As a general rule, I was always taught that the deeper you go out in the woods- the more first aid you should bring. As a camper my first aid kits are simple, basic bandages, wound management, and medications. But as exploring hunting and realizing that there is a fair amount of risk involved in the hobby. I have managed to find some suggestions to advance a basic kit into a first aid kit suitable for hunters.

Wound Management:

Flesh wounds are one of the more dangerous occurrences while hunting. From getting cut on rocks, or branches, to accidental knife wounds. These wounds can cause some serious pain, and depending on the severity of life-threatening outcomes.

One of the lesser-known wound management products is Celox or Quickclot products. These products, also called hemostatic agents, quickly help to clot up blood until medical help can be found.

In the case of more serious injuries, like a gunshot wound, your top priority should be stopping the bleeding, before going out in the wilderness I would suggest getting training in tourniquets as well. There is the myth that they are too dangerous to use, however- knowing that a victim of a gunshot could bleed out within 5 to 8 minutes puts the phrase “Life over Limb” to good use.

Also, when used properly tourniquets not only save lives but don’t always mean amputation. Most victims that receive help within two hours do not need to have a limb amputated.

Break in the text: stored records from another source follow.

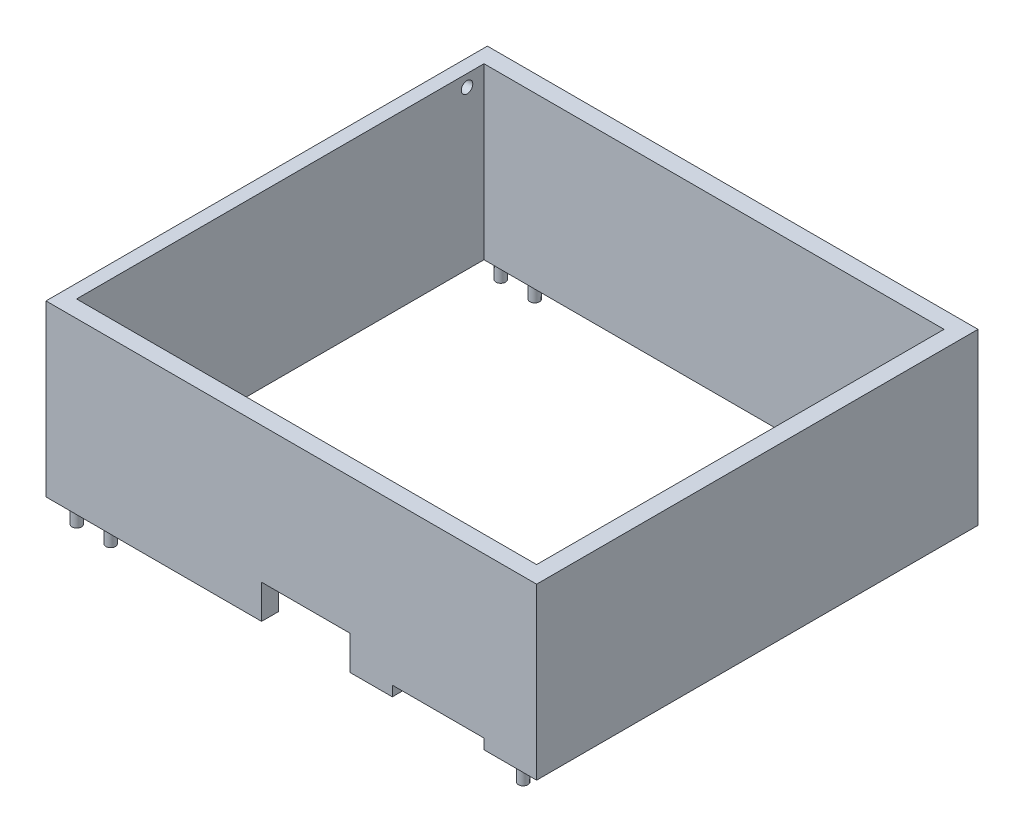
ISO-10303-21;
HEADER;
FILE_DESCRIPTION(('STEP AP214'),'2;1');
FILE_NAME('part.step','',(''),(''),'','','');
FILE_SCHEMA(('AUTOMOTIVE_DESIGN { 1 0 10303 214 1 1 1 1 }'));
ENDSEC;
DATA;
#1=APPLICATION_CONTEXT('core data for automotive mechanical design processes');
#2=APPLICATION_PROTOCOL_DEFINITION('international standard','automotive_design',2000,#1);
#3=PRODUCT_CONTEXT('',#1,'mechanical');
#4=PRODUCT('Part','Part','',(#3));
#5=PRODUCT_RELATED_PRODUCT_CATEGORY('part','',(#4));
#6=PRODUCT_DEFINITION_FORMATION('','',#4);
#7=PRODUCT_DEFINITION_CONTEXT('part definition',#1,'design');
#8=PRODUCT_DEFINITION('design','',#6,#7);
#9=PRODUCT_DEFINITION_SHAPE('','',#8);
#10=(LENGTH_UNIT() NAMED_UNIT(*) SI_UNIT(.MILLI.,.METRE.));
#11=(NAMED_UNIT(*) PLANE_ANGLE_UNIT() SI_UNIT($,.RADIAN.));
#12=(NAMED_UNIT(*) SI_UNIT($,.STERADIAN.) SOLID_ANGLE_UNIT());
#13=UNCERTAINTY_MEASURE_WITH_UNIT(LENGTH_MEASURE(1.E-05),#10,'distance_accuracy_value','');
#14=(GEOMETRIC_REPRESENTATION_CONTEXT(3) GLOBAL_UNCERTAINTY_ASSIGNED_CONTEXT((#13)) GLOBAL_UNIT_ASSIGNED_CONTEXT((#10,
#11,#12)) REPRESENTATION_CONTEXT('',''));
#15=CARTESIAN_POINT('',(0.,0.,0.));
#16=DIRECTION('',(0.,0.,1.));
#17=DIRECTION('',(1.,0.,0.));
#18=AXIS2_PLACEMENT_3D('',#15,#16,#17);
#19=CARTESIAN_POINT('',(0.,0.,0.));
#20=DIRECTION('',(0.,1.,0.));
#21=DIRECTION('',(0.,0.,1.));
#22=AXIS2_PLACEMENT_3D('',#19,#20,#21);
#23=PLANE('',#22);
#24=DIRECTION('',(1.,0.,0.));
#25=VECTOR('',#24,1.);
#26=CARTESIAN_POINT('',(72.25,0.,65.));
#27=LINE('',#26,#25);
#28=CARTESIAN_POINT('',(44.75,0.,65.));
#29=VERTEX_POINT('',#28);
#30=CARTESIAN_POINT('',(51.,0.,65.));
#31=VERTEX_POINT('',#30);
#32=EDGE_CURVE('E168',#29,#31,#27,.T.);
#33=ORIENTED_EDGE('',*,*,#32,.F.);
#34=DIRECTION('',(0.,0.,1.));
#35=VECTOR('',#34,1.);
#36=CARTESIAN_POINT('',(44.75,0.,48.5716117228159));
#37=LINE('',#36,#35);
#38=CARTESIAN_POINT('',(44.75,0.,62.5));
#39=VERTEX_POINT('',#38);
#40=EDGE_CURVE('E156',#39,#29,#37,.T.);
#41=ORIENTED_EDGE('',*,*,#40,.F.);
#42=DIRECTION('',(1.,0.,0.));
#43=VECTOR('',#42,1.);
#44=CARTESIAN_POINT('',(2.00000000000001,0.,62.5));
#45=LINE('',#44,#43);
#46=CARTESIAN_POINT('',(51.,0.,62.5));
#47=VERTEX_POINT('',#46);
#48=EDGE_CURVE('E166',#39,#47,#45,.T.);
#49=ORIENTED_EDGE('',*,*,#48,.T.);
#50=DIRECTION('',(0.,0.,1.));
#51=VECTOR('',#50,1.);
#52=CARTESIAN_POINT('',(51.,0.,48.5716117228159));
#53=LINE('',#52,#51);
#54=EDGE_CURVE('E54',#47,#31,#53,.T.);
#55=ORIENTED_EDGE('',*,*,#54,.T.);
#56=EDGE_LOOP('',(#33,#41,#49,#55));
#57=FACE_BOUND('',#56,.T.);
#58=ADVANCED_FACE('F39',(#57),#23,.F.);
#59=CARTESIAN_POINT('',(0.,25.,0.));
#60=DIRECTION('',(0.,1.,0.));
#61=DIRECTION('',(0.,0.,1.));
#62=AXIS2_PLACEMENT_3D('',#59,#60,#61);
#63=PLANE('',#62);
#64=DIRECTION('',(1.,0.,0.));
#65=VECTOR('',#64,1.);
#66=CARTESIAN_POINT('',(72.25,25.,65.));
#67=LINE('',#66,#65);
#68=CARTESIAN_POINT('',(0.,25.,65.));
#69=VERTEX_POINT('',#68);
#70=CARTESIAN_POINT('',(72.25,25.,65.));
#71=VERTEX_POINT('',#70);
#72=EDGE_CURVE('E203',#69,#71,#67,.T.);
#73=ORIENTED_EDGE('',*,*,#72,.T.);
#74=DIRECTION('',(0.,0.,-1.));
#75=VECTOR('',#74,1.);
#76=CARTESIAN_POINT('',(72.25,25.,0.));
#77=LINE('',#76,#75);
#78=CARTESIAN_POINT('',(72.25,25.,0.));
#79=VERTEX_POINT('',#78);
#80=EDGE_CURVE('E206',#71,#79,#77,.T.);
#81=ORIENTED_EDGE('',*,*,#80,.T.);
#82=DIRECTION('',(-1.,0.,0.));
#83=VECTOR('',#82,1.);
#84=CARTESIAN_POINT('',(0.,25.,0.));
#85=LINE('',#84,#83);
#86=CARTESIAN_POINT('',(0.,25.,0.));
#87=VERTEX_POINT('',#86);
#88=EDGE_CURVE('E209',#79,#87,#85,.T.);
#89=ORIENTED_EDGE('',*,*,#88,.T.);
#90=DIRECTION('',(0.,0.,1.));
#91=VECTOR('',#90,1.);
#92=CARTESIAN_POINT('',(0.,25.,0.));
#93=LINE('',#92,#91);
#94=EDGE_CURVE('E211',#87,#69,#93,.T.);
#95=ORIENTED_EDGE('',*,*,#94,.T.);
#96=EDGE_LOOP('',(#73,#81,#89,#95));
#97=FACE_BOUND('',#96,.T.);
#98=DIRECTION('',(0.,0.,-1.));
#99=VECTOR('',#98,1.);
#100=CARTESIAN_POINT('',(69.75,25.,2.5));
#101=LINE('',#100,#99);
#102=CARTESIAN_POINT('',(69.75,25.,62.5));
#103=VERTEX_POINT('',#102);
#104=CARTESIAN_POINT('',(69.75,25.,2.5));
#105=VERTEX_POINT('',#104);
#106=EDGE_CURVE('E280',#103,#105,#101,.T.);
#107=ORIENTED_EDGE('',*,*,#106,.F.);
#108=DIRECTION('',(1.,0.,0.));
#109=VECTOR('',#108,1.);
#110=CARTESIAN_POINT('',(2.00000000000001,25.,62.5));
#111=LINE('',#110,#109);
#112=CARTESIAN_POINT('',(2.00000000000001,25.,62.5));
#113=VERTEX_POINT('',#112);
#114=EDGE_CURVE('E191',#113,#103,#111,.T.);
#115=ORIENTED_EDGE('',*,*,#114,.F.);
#116=DIRECTION('',(0.,0.,1.));
#117=VECTOR('',#116,1.);
#118=CARTESIAN_POINT('',(2.,25.,2.5));
#119=LINE('',#118,#117);
#120=CARTESIAN_POINT('',(2.,25.,2.5));
#121=VERTEX_POINT('',#120);
#122=EDGE_CURVE('E181',#121,#113,#119,.T.);
#123=ORIENTED_EDGE('',*,*,#122,.F.);
#124=DIRECTION('',(-1.,0.,0.));
#125=VECTOR('',#124,1.);
#126=CARTESIAN_POINT('',(2.,25.,2.5));
#127=LINE('',#126,#125);
#128=EDGE_CURVE('E279',#105,#121,#127,.T.);
#129=ORIENTED_EDGE('',*,*,#128,.F.);
#130=EDGE_LOOP('',(#107,#115,#123,#129));
#131=FACE_BOUND('',#130,.T.);
#132=ADVANCED_FACE('F255',(#97,#131),#63,.T.);
#133=CARTESIAN_POINT('',(64.,0.,1.27793081581729));
#134=DIRECTION('',(0.,1.,0.));
#135=DIRECTION('',(0.,0.,1.));
#136=AXIS2_PLACEMENT_3D('',#133,#134,#135);
#137=CIRCLE('',#136,0.700000000000002);
#138=CARTESIAN_POINT('',(64.,0.,1.97793081581729));
#139=VERTEX_POINT('',#138);
#140=EDGE_CURVE('E11',#139,#139,#137,.F.);
#141=ORIENTED_EDGE('',*,*,#140,.F.);
#142=EDGE_LOOP('',(#141));
#143=FACE_BOUND('',#142,.T.);
#144=CARTESIAN_POINT('',(69.,0.,1.27793081581729));
#145=DIRECTION('',(0.,1.,0.));
#146=DIRECTION('',(0.,0.,1.));
#147=AXIS2_PLACEMENT_3D('',#144,#145,#146);
#148=CIRCLE('',#147,0.700000000000002);
#149=CARTESIAN_POINT('',(69.,0.,1.97793081581729));
#150=VERTEX_POINT('',#149);
#151=EDGE_CURVE('E47',#150,#150,#148,.F.);
#152=ORIENTED_EDGE('',*,*,#151,.F.);
#153=EDGE_LOOP('',(#152));
#154=FACE_BOUND('',#153,.T.);
#155=CARTESIAN_POINT('',(69.,0.,63.7220691841827));
#156=DIRECTION('',(0.,1.,0.));
#157=DIRECTION('',(0.,0.,1.));
#158=AXIS2_PLACEMENT_3D('',#155,#156,#157);
#159=CIRCLE('',#158,0.700000000000003);
#160=CARTESIAN_POINT('',(69.,0.,64.4220691841827));
#161=VERTEX_POINT('',#160);
#162=EDGE_CURVE('E245',#161,#161,#159,.F.);
#163=ORIENTED_EDGE('',*,*,#162,.F.);
#164=EDGE_LOOP('',(#163));
#165=FACE_BOUND('',#164,.T.);
#166=CARTESIAN_POINT('',(8.25000000000002,0.,1.27793081581729));
#167=DIRECTION('',(0.,1.,0.));
#168=DIRECTION('',(0.,0.,1.));
#169=AXIS2_PLACEMENT_3D('',#166,#167,#168);
#170=CIRCLE('',#169,0.7);
#171=CARTESIAN_POINT('',(8.25000000000002,0.,1.97793081581729));
#172=VERTEX_POINT('',#171);
#173=EDGE_CURVE('E242',#172,#172,#170,.F.);
#174=ORIENTED_EDGE('',*,*,#173,.F.);
#175=EDGE_LOOP('',(#174));
#176=FACE_BOUND('',#175,.T.);
#177=CARTESIAN_POINT('',(3.25000000000002,0.,1.27793081581729));
#178=DIRECTION('',(0.,1.,0.));
#179=DIRECTION('',(0.,0.,1.));
#180=AXIS2_PLACEMENT_3D('',#177,#178,#179);
#181=CIRCLE('',#180,0.7);
#182=CARTESIAN_POINT('',(3.25000000000002,0.,1.97793081581729));
#183=VERTEX_POINT('',#182);
#184=EDGE_CURVE('E239',#183,#183,#181,.F.);
#185=ORIENTED_EDGE('',*,*,#184,.F.);
#186=EDGE_LOOP('',(#185));
#187=FACE_BOUND('',#186,.T.);
#188=CARTESIAN_POINT('',(8.25000000000002,0.,63.7220691841827));
#189=DIRECTION('',(0.,1.,0.));
#190=DIRECTION('',(0.,0.,1.));
#191=AXIS2_PLACEMENT_3D('',#188,#189,#190);
#192=CIRCLE('',#191,0.700000000000001);
#193=CARTESIAN_POINT('',(8.25000000000002,0.,64.4220691841827));
#194=VERTEX_POINT('',#193);
#195=EDGE_CURVE('E236',#194,#194,#192,.F.);
#196=ORIENTED_EDGE('',*,*,#195,.F.);
#197=EDGE_LOOP('',(#196));
#198=FACE_BOUND('',#197,.T.);
#199=CARTESIAN_POINT('',(3.25000000000002,0.,63.7220691841827));
#200=DIRECTION('',(0.,1.,0.));
#201=DIRECTION('',(0.,0.,1.));
#202=AXIS2_PLACEMENT_3D('',#199,#200,#201);
#203=CIRCLE('',#202,0.700000000000001);
#204=CARTESIAN_POINT('',(3.25000000000002,0.,64.4220691841827));
#205=VERTEX_POINT('',#204);
#206=EDGE_CURVE('E233',#205,#205,#203,.F.);
#207=ORIENTED_EDGE('',*,*,#206,.F.);
#208=EDGE_LOOP('',(#207));
#209=FACE_BOUND('',#208,.T.);
#210=CARTESIAN_POINT('',(2.00000000000001,0.,62.5));
#211=VERTEX_POINT('',#210);
#212=CARTESIAN_POINT('',(31.75,0.,62.5));
#213=VERTEX_POINT('',#212);
#214=EDGE_CURVE('E174',#211,#213,#45,.T.);
#215=ORIENTED_EDGE('',*,*,#214,.T.);
#216=DIRECTION('',(0.,0.,1.));
#217=VECTOR('',#216,1.);
#218=CARTESIAN_POINT('',(31.75,0.,48.5716117228159));
#219=LINE('',#218,#217);
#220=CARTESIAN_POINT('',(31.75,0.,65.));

On the topic of wounds, bandages are an important part of helping wounds clot up. Basic kits usually include a variety of band-aids. But with hunters needing to save as much space in their pack one thing that might be suggestable for smaller cuts and scrapes would be to invest in wound seal powder. This powder creates a simple seal that replaces a need for a typical bandage. Freeing up a lot of space within a first aid kit. However, it should be noted that pressure bandages, butterfly bandages, and gauze pads should still be within the kit.


Medications are a must when talking about first aid kits, outside of prescription medications and Epi-pens. I would add Electrolyte tablets, cough drops, afterbite cream, burn cream, a painkiller, allergy meds, and Orajel.


A multi-use pocket knife is vital to any hunters back, however- when considering wound care there is another vital tool that is not thought about nearly as often: A lighter. A lighter is a useful tool when paired with the knife in order to sterilize the knife, or any other tool if needed.

The other tool that is good to have in your kit is a water purifier, I like the Lifestraw because it is compact, easy to use, and it is affordable! The Lifestraw uses a hollow fiber filter that has holes smaller than bacteria and parasites, allowing it to trap 99.9% of all containments in the water. Giving you nice safe water to drink! You can check out Lifestraw by clicking this link here!

For the dogs:

A lot of hunters also have their animals with them. If you have your favorite hunting partner with you it is advisable to also carry needs for your furry buddy. These suggestions include pediatric Benedryl, buffered aspirin, and a travel-size bottle of Hydrogen Peroxide.


Surviving in the wilderness is also based on what you know and understand. There are several books that one can study in order to learn survival skills and for the brave- classes are also available in many different states!

My personal favorite book is “Survival Medicine & First Aid: The Leading Prepper’s Guide to Survive Medical Emergencies in Tough Survival Situations” by Beau Griffin as well as “The Natural First Aid Handbook: Household Remedies, Herbal Treatments, and Basic Emergency Preparedness Everyone Should Know” by Brigitte Mars.

Note: This post is NOT intended to be a final or complete guide, or to serve as a replacement for any sort of formal medical advice. Above all: review, refresh and remain prepared. Also, this post contains affiliate links.